Saurabh Tewari, Producer, Nautanki Telefilms said, "I think in this all three have the right. As when production house wouldn't have conceived it, it would have never got created. If actor wouldn't have played it with perfection, it would have never become popular and if broadcaster would have not telecast it no one would have known that such character existed. In case of dispute, ideally no single party should claim."

Producer and MD, Neela Telefilms, Asitkumar Modi firmly stated that the IPR 

belongs to the producers and not the actors personally. “Ultimately it is the producer who gives birth to various aspects of a show which include not only a particular character, but also other specifications like art, design etc, which all comes under the producer’s umbrella.
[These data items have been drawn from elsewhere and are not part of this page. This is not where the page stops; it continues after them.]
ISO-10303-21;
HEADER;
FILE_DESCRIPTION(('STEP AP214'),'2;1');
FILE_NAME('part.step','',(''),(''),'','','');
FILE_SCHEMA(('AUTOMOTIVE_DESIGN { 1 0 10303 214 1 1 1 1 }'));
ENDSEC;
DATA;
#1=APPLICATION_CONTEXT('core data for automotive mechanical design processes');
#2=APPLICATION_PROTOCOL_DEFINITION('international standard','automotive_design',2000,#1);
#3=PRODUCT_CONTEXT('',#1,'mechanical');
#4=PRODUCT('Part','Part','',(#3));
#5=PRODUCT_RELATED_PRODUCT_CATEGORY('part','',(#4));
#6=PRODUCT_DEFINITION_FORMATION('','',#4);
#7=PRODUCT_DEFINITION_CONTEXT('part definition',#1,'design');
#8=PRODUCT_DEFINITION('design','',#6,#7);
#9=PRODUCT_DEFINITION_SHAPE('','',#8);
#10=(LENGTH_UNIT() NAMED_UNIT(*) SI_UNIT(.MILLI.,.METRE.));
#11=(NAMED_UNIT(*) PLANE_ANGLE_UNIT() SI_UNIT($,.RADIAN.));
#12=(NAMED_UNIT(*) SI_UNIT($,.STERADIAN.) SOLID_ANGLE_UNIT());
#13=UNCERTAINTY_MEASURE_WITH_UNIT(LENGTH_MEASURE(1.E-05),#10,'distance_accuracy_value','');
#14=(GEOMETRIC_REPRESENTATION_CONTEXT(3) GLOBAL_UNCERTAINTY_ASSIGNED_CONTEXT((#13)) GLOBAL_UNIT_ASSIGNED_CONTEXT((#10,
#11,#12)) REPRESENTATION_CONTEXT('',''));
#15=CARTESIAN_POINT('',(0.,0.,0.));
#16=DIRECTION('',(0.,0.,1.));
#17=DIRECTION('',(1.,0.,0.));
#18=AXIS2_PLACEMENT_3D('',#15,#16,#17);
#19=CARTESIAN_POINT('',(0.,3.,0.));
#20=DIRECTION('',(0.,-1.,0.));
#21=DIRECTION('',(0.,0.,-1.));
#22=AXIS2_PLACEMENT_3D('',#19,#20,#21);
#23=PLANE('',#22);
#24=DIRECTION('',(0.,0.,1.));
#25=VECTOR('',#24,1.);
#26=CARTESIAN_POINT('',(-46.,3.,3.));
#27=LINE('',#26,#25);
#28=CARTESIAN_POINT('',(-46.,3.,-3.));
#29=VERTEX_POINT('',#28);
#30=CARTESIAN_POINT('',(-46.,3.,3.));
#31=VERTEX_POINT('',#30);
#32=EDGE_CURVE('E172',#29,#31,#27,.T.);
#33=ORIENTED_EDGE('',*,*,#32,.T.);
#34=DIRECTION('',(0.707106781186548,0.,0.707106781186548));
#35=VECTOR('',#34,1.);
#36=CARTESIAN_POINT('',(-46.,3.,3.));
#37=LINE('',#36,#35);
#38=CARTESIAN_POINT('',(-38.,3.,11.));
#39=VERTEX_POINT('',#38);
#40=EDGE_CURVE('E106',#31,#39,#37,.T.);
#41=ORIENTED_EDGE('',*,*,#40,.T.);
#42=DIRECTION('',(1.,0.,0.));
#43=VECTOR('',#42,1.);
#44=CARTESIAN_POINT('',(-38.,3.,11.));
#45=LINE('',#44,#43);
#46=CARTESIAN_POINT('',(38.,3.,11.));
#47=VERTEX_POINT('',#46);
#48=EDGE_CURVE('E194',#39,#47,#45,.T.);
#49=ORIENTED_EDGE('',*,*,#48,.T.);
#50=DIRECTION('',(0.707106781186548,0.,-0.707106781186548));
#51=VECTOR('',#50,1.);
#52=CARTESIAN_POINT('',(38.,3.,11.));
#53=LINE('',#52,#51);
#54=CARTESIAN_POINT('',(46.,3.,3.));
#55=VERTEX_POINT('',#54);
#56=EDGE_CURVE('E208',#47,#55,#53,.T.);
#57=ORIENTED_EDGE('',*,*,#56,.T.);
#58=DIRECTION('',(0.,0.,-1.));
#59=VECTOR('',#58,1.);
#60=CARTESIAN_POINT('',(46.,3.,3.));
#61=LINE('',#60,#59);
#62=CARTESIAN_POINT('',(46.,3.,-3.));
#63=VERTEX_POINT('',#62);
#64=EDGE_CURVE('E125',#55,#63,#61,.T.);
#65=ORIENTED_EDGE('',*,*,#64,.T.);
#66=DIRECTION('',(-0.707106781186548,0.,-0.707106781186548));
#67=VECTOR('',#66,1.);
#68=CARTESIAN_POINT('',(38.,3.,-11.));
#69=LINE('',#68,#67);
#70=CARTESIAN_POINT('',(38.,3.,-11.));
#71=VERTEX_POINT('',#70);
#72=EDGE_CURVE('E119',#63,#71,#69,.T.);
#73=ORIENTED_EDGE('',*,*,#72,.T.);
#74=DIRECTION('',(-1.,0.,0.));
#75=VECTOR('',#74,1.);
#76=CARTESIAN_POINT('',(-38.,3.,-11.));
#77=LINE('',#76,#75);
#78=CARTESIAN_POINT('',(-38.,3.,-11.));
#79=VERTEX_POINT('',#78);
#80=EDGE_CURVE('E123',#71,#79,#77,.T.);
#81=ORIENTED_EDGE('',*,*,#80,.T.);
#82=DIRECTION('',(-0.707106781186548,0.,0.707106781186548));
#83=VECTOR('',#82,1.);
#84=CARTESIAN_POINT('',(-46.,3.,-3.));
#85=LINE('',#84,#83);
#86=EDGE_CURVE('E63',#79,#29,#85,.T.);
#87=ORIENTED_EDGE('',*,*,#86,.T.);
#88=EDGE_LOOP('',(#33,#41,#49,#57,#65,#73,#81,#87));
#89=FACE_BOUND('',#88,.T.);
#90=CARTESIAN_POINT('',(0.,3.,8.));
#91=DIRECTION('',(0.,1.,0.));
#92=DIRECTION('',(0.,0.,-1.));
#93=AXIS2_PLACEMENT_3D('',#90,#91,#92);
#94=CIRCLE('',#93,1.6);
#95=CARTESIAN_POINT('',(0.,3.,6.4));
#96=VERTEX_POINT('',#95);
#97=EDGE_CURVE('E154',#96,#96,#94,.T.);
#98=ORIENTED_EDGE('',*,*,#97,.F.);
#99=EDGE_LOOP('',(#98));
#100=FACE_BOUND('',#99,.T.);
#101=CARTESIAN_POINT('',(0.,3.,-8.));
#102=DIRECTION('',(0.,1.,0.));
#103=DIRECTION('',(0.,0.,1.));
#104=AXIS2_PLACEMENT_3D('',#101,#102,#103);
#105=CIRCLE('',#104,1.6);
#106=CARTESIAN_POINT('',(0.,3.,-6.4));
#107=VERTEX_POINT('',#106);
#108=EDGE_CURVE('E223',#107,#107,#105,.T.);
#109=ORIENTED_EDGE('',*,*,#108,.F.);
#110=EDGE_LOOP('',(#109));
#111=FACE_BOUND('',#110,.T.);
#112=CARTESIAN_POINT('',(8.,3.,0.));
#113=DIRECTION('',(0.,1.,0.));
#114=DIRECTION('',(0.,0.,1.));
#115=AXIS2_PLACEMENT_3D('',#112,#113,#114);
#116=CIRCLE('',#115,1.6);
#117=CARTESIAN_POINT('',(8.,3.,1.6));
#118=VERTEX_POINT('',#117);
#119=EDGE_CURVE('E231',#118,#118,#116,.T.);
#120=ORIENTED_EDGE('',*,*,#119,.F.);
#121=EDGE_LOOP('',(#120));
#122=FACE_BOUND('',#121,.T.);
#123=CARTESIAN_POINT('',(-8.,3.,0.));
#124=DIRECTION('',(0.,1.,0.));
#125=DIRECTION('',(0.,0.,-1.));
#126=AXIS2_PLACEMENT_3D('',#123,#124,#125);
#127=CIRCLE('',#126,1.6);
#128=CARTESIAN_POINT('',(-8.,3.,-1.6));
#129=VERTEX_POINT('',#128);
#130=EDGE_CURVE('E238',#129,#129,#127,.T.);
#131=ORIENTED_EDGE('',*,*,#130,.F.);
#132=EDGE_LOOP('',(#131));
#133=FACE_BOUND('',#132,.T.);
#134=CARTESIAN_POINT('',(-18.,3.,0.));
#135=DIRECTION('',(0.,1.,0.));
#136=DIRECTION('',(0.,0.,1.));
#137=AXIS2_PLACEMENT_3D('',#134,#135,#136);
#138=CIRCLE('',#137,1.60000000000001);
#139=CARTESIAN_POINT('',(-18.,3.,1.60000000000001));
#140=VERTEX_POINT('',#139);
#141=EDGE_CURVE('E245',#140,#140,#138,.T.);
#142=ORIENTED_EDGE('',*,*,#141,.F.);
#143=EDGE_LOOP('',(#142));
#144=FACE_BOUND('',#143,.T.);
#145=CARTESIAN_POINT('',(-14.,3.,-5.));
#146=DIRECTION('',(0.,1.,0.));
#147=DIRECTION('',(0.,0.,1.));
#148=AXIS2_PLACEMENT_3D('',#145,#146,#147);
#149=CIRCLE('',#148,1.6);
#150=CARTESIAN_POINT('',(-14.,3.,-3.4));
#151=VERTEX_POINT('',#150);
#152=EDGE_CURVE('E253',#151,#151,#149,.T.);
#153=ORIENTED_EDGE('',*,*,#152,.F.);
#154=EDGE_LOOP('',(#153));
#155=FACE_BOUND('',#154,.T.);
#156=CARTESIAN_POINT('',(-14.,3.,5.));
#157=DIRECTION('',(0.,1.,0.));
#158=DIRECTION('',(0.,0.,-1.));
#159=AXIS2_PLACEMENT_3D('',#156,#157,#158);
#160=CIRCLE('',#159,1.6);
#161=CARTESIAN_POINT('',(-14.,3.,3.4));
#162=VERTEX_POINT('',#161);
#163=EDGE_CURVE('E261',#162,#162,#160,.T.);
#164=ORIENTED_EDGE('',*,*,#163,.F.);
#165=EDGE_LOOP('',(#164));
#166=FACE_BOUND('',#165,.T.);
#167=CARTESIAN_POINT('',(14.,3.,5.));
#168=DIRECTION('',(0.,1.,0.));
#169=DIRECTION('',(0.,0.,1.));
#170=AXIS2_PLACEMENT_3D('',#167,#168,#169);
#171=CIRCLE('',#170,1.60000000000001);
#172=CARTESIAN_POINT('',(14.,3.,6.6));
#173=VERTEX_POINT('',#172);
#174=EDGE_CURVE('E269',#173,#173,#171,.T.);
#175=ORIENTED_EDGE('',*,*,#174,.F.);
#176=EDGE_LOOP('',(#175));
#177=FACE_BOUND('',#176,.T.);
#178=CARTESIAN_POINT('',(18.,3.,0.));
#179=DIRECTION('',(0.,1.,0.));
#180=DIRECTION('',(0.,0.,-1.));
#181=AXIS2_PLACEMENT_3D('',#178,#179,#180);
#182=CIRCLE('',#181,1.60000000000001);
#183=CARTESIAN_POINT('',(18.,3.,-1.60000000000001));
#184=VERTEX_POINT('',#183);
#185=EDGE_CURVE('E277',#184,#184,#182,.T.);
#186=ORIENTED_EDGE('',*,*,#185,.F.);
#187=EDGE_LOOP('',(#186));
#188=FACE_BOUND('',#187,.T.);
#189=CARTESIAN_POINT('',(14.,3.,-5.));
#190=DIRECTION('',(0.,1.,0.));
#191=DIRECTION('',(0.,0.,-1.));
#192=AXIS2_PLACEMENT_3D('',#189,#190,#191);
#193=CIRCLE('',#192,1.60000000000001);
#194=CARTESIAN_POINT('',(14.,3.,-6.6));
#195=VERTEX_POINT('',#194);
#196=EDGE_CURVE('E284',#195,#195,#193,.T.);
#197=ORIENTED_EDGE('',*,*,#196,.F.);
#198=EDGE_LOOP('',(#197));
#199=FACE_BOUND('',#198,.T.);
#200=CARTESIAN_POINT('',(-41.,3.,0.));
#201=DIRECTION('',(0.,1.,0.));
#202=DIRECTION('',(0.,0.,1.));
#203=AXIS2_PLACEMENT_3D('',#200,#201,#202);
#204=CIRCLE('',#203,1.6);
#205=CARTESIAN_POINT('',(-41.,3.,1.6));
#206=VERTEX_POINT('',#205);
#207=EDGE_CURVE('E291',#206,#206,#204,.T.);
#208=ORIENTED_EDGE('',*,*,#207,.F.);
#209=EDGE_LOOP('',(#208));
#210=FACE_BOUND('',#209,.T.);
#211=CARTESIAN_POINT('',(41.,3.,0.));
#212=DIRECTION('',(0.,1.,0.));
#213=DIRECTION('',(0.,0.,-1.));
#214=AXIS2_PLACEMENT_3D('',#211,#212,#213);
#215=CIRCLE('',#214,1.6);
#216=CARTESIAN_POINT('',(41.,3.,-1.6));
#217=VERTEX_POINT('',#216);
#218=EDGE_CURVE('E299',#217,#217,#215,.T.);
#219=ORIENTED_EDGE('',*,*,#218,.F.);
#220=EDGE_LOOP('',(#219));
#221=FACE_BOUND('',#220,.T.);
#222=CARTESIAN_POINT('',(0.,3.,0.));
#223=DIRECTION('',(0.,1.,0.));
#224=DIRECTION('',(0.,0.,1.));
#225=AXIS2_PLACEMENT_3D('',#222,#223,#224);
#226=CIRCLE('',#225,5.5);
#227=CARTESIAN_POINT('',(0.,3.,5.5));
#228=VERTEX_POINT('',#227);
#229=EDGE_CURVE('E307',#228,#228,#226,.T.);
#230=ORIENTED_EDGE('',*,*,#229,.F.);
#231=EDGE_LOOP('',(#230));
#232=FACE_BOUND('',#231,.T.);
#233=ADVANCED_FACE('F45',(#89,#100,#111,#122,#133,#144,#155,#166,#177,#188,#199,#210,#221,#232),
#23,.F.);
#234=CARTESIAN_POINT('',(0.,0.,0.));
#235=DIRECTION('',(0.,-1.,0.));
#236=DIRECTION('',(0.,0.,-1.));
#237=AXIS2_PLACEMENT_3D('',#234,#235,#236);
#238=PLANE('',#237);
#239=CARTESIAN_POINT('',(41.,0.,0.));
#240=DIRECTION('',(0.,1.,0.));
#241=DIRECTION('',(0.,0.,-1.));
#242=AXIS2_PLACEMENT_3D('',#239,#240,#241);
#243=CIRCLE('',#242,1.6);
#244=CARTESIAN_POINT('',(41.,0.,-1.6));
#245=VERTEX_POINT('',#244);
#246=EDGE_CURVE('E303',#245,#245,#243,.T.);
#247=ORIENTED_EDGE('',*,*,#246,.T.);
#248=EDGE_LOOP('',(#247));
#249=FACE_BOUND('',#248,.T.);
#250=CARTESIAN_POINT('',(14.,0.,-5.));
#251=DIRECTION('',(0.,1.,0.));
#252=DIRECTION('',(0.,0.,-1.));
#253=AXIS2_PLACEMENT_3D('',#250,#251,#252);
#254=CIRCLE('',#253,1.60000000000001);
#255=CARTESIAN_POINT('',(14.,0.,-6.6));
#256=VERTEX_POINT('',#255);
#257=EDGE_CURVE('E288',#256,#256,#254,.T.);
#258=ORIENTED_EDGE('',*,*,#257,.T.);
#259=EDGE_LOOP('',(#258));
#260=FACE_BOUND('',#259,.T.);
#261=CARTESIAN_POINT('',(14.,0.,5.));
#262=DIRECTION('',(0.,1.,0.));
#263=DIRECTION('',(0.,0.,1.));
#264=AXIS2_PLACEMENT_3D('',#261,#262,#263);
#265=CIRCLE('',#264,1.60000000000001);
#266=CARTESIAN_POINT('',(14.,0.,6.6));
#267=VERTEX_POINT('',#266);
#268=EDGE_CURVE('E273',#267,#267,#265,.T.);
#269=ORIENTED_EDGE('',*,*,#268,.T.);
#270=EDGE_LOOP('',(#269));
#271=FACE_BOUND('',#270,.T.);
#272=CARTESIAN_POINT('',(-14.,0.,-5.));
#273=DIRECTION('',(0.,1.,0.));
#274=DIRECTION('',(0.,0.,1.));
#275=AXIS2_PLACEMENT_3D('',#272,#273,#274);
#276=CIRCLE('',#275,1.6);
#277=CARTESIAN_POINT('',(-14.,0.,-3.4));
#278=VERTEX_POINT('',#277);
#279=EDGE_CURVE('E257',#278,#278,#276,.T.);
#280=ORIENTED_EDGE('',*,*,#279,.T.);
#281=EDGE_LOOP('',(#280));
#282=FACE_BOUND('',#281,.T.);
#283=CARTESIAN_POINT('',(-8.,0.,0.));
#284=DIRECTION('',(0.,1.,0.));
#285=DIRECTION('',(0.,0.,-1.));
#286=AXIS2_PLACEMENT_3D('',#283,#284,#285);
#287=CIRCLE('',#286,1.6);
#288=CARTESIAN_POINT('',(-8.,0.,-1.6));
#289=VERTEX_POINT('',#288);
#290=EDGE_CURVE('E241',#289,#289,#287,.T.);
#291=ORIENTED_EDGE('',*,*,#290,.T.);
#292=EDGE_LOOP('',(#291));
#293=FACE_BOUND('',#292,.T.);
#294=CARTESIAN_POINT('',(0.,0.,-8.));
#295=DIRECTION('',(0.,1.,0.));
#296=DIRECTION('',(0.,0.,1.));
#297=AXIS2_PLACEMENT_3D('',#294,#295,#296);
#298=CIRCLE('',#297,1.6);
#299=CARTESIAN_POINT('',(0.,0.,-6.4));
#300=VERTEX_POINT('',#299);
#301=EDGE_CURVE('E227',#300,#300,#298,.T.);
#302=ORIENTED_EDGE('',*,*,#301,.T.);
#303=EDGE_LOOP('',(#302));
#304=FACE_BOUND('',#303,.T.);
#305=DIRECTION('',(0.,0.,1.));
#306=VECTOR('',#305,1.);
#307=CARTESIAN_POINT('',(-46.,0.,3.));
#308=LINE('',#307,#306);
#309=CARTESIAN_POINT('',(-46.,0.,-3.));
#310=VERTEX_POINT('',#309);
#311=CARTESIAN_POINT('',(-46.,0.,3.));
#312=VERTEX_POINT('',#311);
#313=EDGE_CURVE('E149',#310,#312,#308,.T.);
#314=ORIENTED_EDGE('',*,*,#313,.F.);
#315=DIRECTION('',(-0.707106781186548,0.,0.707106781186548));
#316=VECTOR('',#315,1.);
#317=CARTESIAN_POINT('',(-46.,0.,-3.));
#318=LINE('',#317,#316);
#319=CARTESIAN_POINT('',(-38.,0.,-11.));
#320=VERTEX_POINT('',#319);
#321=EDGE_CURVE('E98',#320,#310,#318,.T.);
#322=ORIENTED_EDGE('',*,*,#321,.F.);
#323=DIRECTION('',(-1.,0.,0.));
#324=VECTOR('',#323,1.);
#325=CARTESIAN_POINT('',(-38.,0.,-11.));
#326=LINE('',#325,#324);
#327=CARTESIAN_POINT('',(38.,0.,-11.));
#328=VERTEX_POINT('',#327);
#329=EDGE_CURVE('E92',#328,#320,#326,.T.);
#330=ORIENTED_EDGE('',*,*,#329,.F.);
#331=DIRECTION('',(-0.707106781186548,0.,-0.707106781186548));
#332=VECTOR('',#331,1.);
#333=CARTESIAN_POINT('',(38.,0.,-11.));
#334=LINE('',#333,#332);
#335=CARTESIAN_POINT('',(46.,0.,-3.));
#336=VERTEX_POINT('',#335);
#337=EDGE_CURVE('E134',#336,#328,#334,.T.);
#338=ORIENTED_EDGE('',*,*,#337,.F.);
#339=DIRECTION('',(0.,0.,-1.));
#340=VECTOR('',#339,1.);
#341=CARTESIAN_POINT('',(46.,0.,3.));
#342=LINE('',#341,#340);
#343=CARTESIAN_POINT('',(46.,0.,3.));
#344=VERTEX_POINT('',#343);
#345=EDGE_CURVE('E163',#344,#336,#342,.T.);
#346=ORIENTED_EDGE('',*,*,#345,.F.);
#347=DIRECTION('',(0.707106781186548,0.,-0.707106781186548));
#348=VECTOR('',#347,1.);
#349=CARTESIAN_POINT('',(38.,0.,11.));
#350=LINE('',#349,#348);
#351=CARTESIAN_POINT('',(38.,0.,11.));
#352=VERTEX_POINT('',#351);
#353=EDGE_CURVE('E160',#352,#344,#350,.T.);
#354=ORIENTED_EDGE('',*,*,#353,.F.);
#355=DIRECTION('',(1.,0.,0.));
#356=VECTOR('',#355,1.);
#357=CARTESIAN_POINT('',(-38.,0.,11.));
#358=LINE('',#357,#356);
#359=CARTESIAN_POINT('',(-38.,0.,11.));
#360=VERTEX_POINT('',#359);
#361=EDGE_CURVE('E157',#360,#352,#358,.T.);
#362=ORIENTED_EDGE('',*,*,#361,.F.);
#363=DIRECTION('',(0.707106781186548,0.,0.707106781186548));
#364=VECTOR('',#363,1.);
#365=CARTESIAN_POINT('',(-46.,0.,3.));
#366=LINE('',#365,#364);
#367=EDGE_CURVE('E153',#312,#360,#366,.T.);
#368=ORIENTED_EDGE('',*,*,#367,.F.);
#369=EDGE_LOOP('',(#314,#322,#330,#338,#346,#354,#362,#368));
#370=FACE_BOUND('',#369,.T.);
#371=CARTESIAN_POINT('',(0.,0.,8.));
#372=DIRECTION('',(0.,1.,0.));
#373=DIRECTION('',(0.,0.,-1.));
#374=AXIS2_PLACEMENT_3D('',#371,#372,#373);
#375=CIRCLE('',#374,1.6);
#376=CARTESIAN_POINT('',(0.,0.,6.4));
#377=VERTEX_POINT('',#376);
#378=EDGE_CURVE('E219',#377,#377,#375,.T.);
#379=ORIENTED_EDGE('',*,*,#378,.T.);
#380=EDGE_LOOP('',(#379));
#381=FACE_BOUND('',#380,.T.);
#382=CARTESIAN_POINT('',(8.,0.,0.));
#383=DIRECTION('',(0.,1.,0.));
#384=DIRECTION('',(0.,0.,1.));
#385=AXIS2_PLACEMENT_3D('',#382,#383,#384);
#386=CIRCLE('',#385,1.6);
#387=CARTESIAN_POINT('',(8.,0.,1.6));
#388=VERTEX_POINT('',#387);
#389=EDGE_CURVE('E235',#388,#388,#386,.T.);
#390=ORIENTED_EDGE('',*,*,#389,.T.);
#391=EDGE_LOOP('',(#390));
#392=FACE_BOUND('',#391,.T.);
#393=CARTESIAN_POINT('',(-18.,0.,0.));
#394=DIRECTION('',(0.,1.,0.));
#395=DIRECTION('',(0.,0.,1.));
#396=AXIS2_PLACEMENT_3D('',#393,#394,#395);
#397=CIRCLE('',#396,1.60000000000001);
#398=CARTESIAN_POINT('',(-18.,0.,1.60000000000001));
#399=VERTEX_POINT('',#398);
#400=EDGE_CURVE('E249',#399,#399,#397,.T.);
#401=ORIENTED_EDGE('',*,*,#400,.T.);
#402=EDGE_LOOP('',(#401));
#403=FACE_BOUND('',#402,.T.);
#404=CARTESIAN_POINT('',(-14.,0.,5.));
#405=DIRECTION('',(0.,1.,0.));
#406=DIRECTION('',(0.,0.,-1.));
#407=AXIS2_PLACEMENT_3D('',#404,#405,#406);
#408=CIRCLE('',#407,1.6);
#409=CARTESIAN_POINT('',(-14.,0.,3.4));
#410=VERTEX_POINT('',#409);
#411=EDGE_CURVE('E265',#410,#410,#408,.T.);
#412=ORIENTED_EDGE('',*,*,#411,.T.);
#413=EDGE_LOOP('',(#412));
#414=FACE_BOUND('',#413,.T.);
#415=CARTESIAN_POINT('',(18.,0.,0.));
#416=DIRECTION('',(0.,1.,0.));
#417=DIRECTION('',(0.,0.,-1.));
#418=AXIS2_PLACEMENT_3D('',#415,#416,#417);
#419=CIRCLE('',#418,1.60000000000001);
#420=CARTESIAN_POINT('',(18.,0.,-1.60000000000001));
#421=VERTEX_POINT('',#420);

Though these issues can be resolved mutually, but on the legal grounds the IPR rest with the producers”.

Like Grover, another actor who gained success through comedy based shows, actor and comedian Sunil Pal, said, "I think when we see a character on television, it's through the artist who is performing it. And when an artist brings a specific character by his own, then it’s his right on that character, but if a creative team and production house has provided a specific theme or character to artist, only then do they have right to patent it."

On condition of anonymity, an industry personnel marked a distinction on how the issue will be treated in fiction and non-fiction genres. He said, “In fiction where we have daily soaps and drama series, it is easier to plot the exit or replacement a character, since here the focus is usually on the story-telling. Yes, the viewers may be disappointed but then they get used to the change and follow the flow of the story. Hence, in fiction, the channel holds the IPR as they are the decision makers of a character and other things revolving around it. When it comes non-fiction especially comedy, it is the toughest task to be able to get another actor to perform the gags that the viewers were used to watching with a particular actor.”

He believes that in the mentioned case of Gutthi and the channel involved, most 

power is with the broadcaster and its them who need to take lead in the deciding as to how to draw up plans to hold back the ‘good actors’ they have brought on board. He said that possibly a better remuneration offered would not tempt a writer or an artist or any other team member to hunt for other houses to work with. He also, goes on to say, “Also, with so many rumours around the issue, I am also, assuming that it’s not only the remuneration aspect, but intangibilities like ‘ego’ of the actors has also got a role to play in this tiff. On moral and ethical grounds, though the exit means more power to the talent, it also in a way means certain disrespect to the platform that gave the actor a conducive environment to perform and gain success”.

He also said that ‘not holding’ the IPR should not stop the actor from performing. Though at the behest of the channel he gained success, but if he has quit, he ought to prove his mettle by doing something really brilliant. 

Sukesh Motwani, Independent Channel Consultant and Producer said, “The incident has in a way forced people from the industry and the fraternities involved in the issue – the actors, producers and the channel to again strengthen their perspective and norms as to how talent, ideas and creativity should be copyrighted and correctly compensated”.

We at Adgully, just like other viewers await the final decision on whose Gutthi is she anyway!